Artificial intelligence that can understand object relationships
Humans see relationships and objects when they look at a scene. A laptop might be sitting on top of your desk. It could also be in front of a computer monitor.
Deep learning models often struggle to see the world in this way, because they don’t know the intricate relationships between objects. A robot that was designed to assist someone in the kitchen would not be able to follow a command such as “pick up the spatula to the left of stove and place it on the cutting board.”
MIT researchers developed a model to understand the relationships between objects within a scene. The model depicts individual relationships and then blends these representations to create a scene. The model can generate more accurate images by combining text descriptions even if the scene contains multiple objects that have different relationships.
This could be useful in cases where industrial robots are required to perform complex, multi-step tasks such as stacking and assembling items. This also makes it possible to create machines that learn from their environment and interact with it more like humans.
“I can’t see an object at XYZ position when I look at a table. Our brains don’t work in this way. Our minds don’t work like that. When we see a scene, our understanding is based on its relationships. “We believe that if we build a system that understands the relationships between objects, it will be possible to manipulate and change our environment more effectively,” said Yilun Du (a PhD student at the Computer Science and Artificial Intelligence Laboratory, CSAIL), co-lead author on the paper.
Du co-authored the paper with Shuang Li (a CSAIL PhD student) and Nan Liu (a graduate student at University of Illinois at UrbanaChampaign); Joshua B. Tenenbaum (a professor of computational cognition science in the Department of Brain and Cognitive Sciences and a CSAIL member; and Antonio Torralba (a senior author and the Delta Electronics Professor of Electrical Engineering and Computer Science and a member of CSAIL); The research will be presented at December’s Conference on Neural Information Processing Systems.
One relationship at the time
Based on text descriptions of objects and their relationships, the framework developed by the researchers can create an image of a scene. For example, “A wood table to one side of a blue stool.” A red couch to one side of a blue stool.
The system would then break down the sentences into smaller pieces, which describe each relationship (“a wood stool to the left of a stool”) and then model each piece separately. The optimization process then creates an image from the scene by combining these pieces.
Researchers used an energy-based model, a machine learning technique to represent individual object relationships in scene descriptions. They can use one energy-based model for each relational description and then combine them in a way that makes it clear all objects and their relationships.
Li explained that the system can break down the sentences into smaller pieces for each relationship so it can recombine them in many different ways. This allows it to better adapt to scene descriptions it hasn’t seen before.
“Other systems would consider all relations holistically and create the image from the description. These approaches are not possible when there is more than one distribution description. This means that the model cannot be adapted in one shot to produce images with more relationships. Du says that by combining these smaller models, we can model more relationships and create new combinations.

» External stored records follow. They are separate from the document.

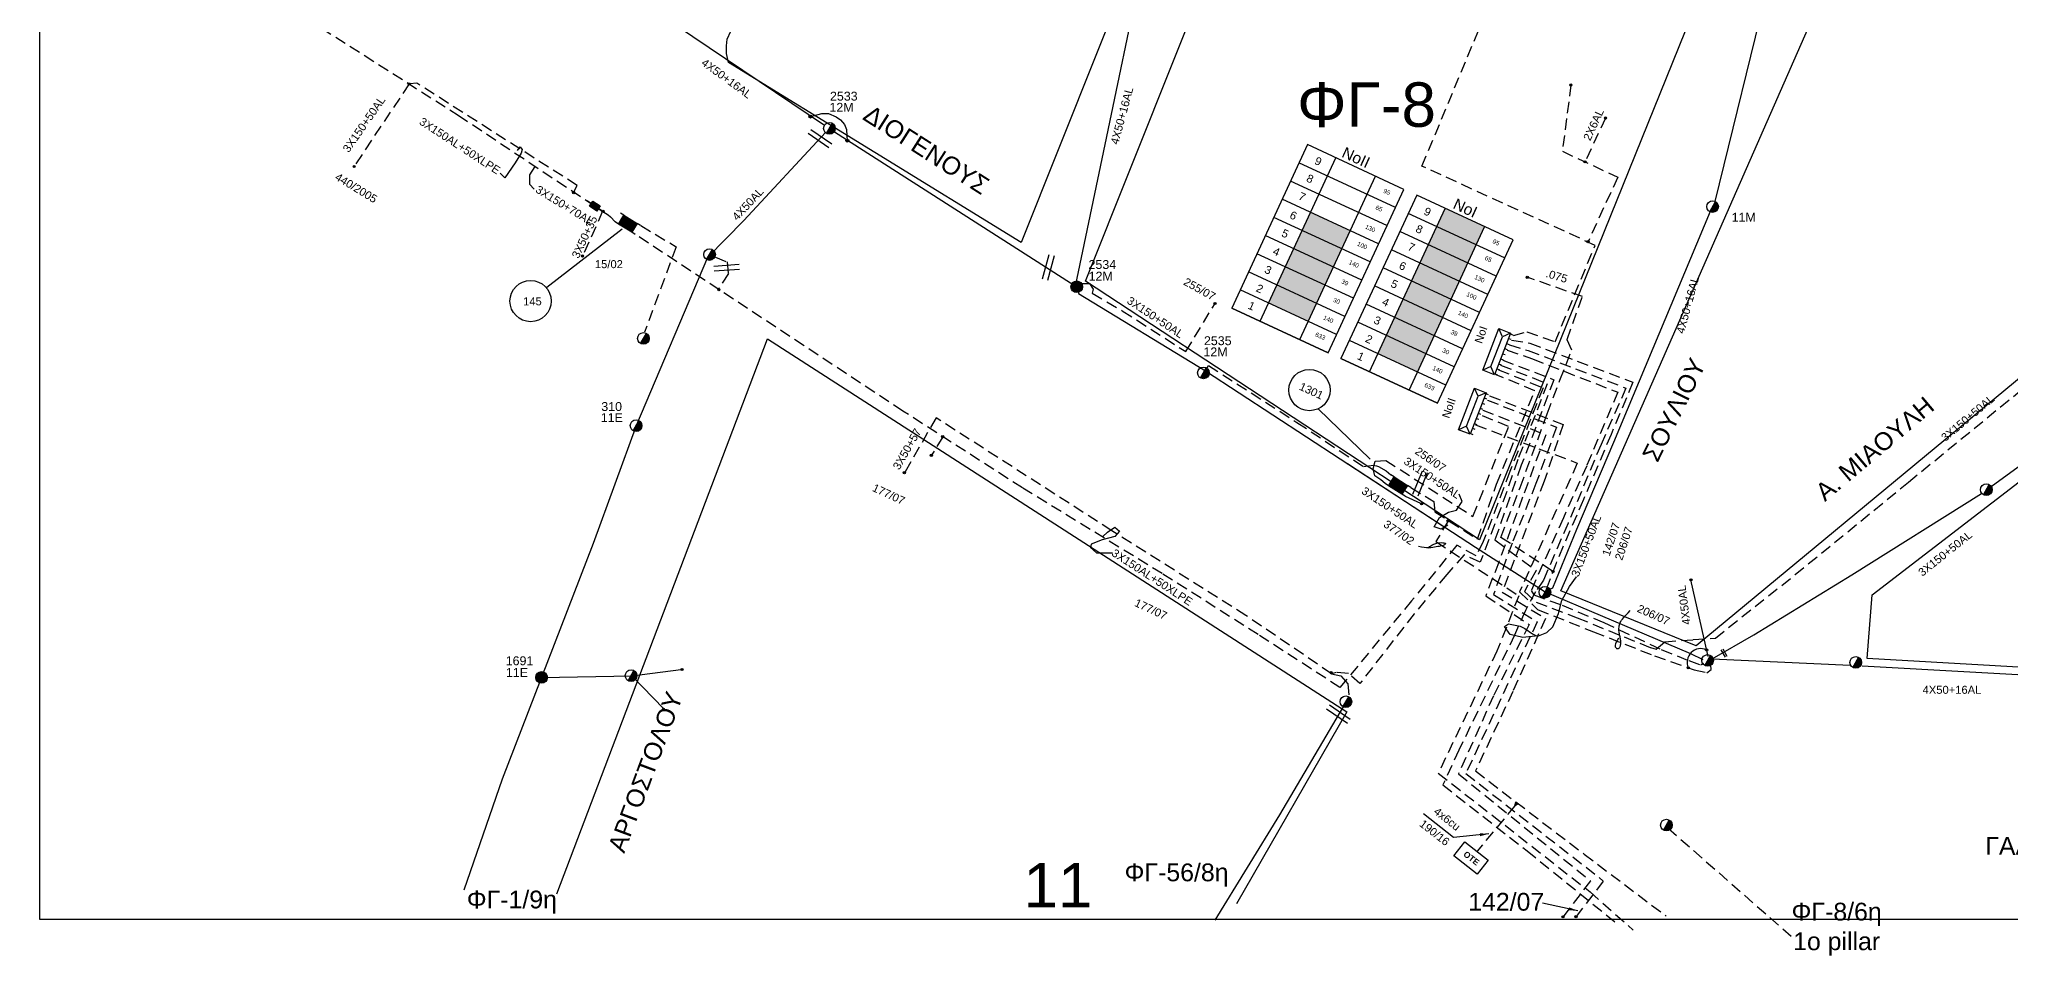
# Model space of a CAD drawing. Header units: millimetres. Extents: x 751 to 1825, y 358 to 872.
# Drawn here: x 751.9 to 973.6, y 365.8 to 468.8 of the extents above; entities that cross this region are included whole.
import ezdxf
from ezdxf.enums import TextEntityAlignment as Align

# ---------------------------------------------------------------- set-up
doc = ezdxf.new("R2010")
doc.units = ezdxf.units.MM
doc.linetypes.add('DASHED', pattern=[19.05, 12.7, -6.35])
for name, color, linetype in [('Link Box 2 Διευθύνσεων', 7, 'Continuous'), ('Link Box 4 Διευθύνσεων', 7, 'Continuous'), ('Pillar OTE', 7, 'Continuous'), ('Άγνωστα', 7, 'Continuous'), ('Ασφαλειοκιβώτια Χ.Τ 9 αναχωρήσεων', 7, 'Continuous'), ('Γέφυρες Εναέριου Δικτύου', 7, 'Continuous'), ('Γυμνά εναέρια ΧΤ (3Φ)   3x50+35CU', 7, 'Continuous'), ('Γυμνά εναέρια ΧΤ (3Φ)   4x50AL', 7, 'Continuous'), ('Γυμνά εναέρια ΧΤ και ΦΟΠ (3Φ)   4x50+16AL', 7, 'Continuous'), ('Επιγραφές - Σχήματα', 7, 'Continuous'), ('Καλώδια ΧΤ   2x6AL', 7, 'DASHED'), ('Καλώδια ΧΤ   3x150+50AL', 7, 'DASHED'), ('Καλώδια ΧΤ   3x150+70AL', 7, 'DASHED'), ('Καλώδια ΧΤ   3x150AL+50XLPE', 7, 'DASHED'), ('Καλώδια ΧΤ   4x50AL', 7, 'DASHED'), ('Μηχανική τομή', 7, 'Continuous'), ('Στύλος Ξύλινος', 7, 'Continuous'), ('Στύλος Ξύλινος @ 1', 7, 'Continuous'), ('Στύλος ΦΜ', 7, 'Continuous'), ('Στύλος ΦΜ @ 1', 7, 'Continuous'), ('Συνδέσεις', 7, 'Continuous'), ('Τομή', 7, 'Continuous'), ('Υποσταθμός πόλεως', 7, 'Continuous'), ('Υπόβαθρο ΔΕΗ', 7, 'Continuous'), ('Υπόγεια καλώδια Παροχών ΧΤ   .075', 7, 'DASHED'), ('Υπόγεια καλώδια Παροχών ΧΤ   4x50AL', 7, 'DASHED'), ('Υπόγεια καλώδια Παροχών ΧΤ   4x6', 7, 'DASHED')]:
    doc.layers.add(name, color=color, linetype=linetype)
doc.styles.get("Standard").update_dxf_attribs({"font": 'arial.ttf'})
doc.linetypes.add('SYN_LINE', pattern='A,0.5,-0.0001,["/\\/\\/\\/",Standard,S=0.1,R=0,X=0,Y=-0.05],-0.25', length=0.7501)
doc.dimstyles.new('ISO-25', dxfattribs={"dimtxt": 2.5, "dimasz": 2.5, "dimexe": 1.25, "dimexo": 0.625, "dimtad": 1, "dimtxsty": 'Standard', "dimcen": 2.5, "dimadec": 0, "dimazin": 0, "dimtfac": 1, "dimtmove": 0, "dimatfit": 3, "dimfxl": 1, "dimarcsym": 0})

# ---------------------------------------------------------------- blocks, each defined once
blk = doc.blocks.new('ΥΠΑΡΧΩΝ ΤΣΙΜΕΝΤΕΝΙΟΣ ΣΤΥΛΟΣ')
at = {"layer": 'Στύλος ΦΜ'}
blk.add_hatch(color=256, dxfattribs=at).paths.add_polyline_path([(-1.29, -2.28, 0.574793), (2.62, 0, 0.268822), (1.3, 2.27)])
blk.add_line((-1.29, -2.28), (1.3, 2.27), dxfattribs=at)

It can also work in reverse: given an image, the system can match text descriptions to the relationships between objects in that scene. Their model can also be used to edit images by rearranging objects in the scene to match a new description.
Understanding complex scenes
Researchers compared their model with other deep learning methods that were given text descriptions, and given the task of creating images that showed the objects and their relationships. Their model was superior to the baseline in each case.
The researchers also asked people to assess whether the images generated matched the scene description. The most complicated examples had three relationships. 91 percent of participants thought the model performed better.
Du says, “One of the most interesting things we discovered was that we could increase our sentence from one relation description to having three or four, and our approach continues be able to produce images that are correctly described using those descriptions.”
Researchers also presented model images of scenes that it had never seen before. They also provided text descriptions for each image. It was able identify the best description that matched the object relationships within the image.
The researchers also gave the system two different descriptions of the same image, but in different ways. The model understood that they were identical.
Researchers were impressed with the robustness and ease of use of the model, particularly when it was working with descriptions that had never been encountered before.
This is more in line with how humans function. Although we may only be able to see a few examples, we can extract valuable information from them all and create endless combinations. Li says that our model is able to learn from less data, but can generalize to more complex scenes and image generations.
These early results are encouraging but the researchers want to see how the model performs in real-world images with more complex backgrounds and objects that block one another.
They also want to incorporate their model into robotics systems. This will allow a robot to infer objects relationships from videos, and then use this knowledge to manipulate objects around the world.
Computer vision is still struggling to develop visual representations that are able to deal with the compositional nature the world around us. This paper proposes an energy-based model which explicitly models multiple relationships among objects in the image. It makes significant progress towards solving this problem. Josef Sivic, an outstanding researcher at Czech Institute of Informatics, Robotics and Cybernetics, said that the results were really impressive. He was not involved in this research.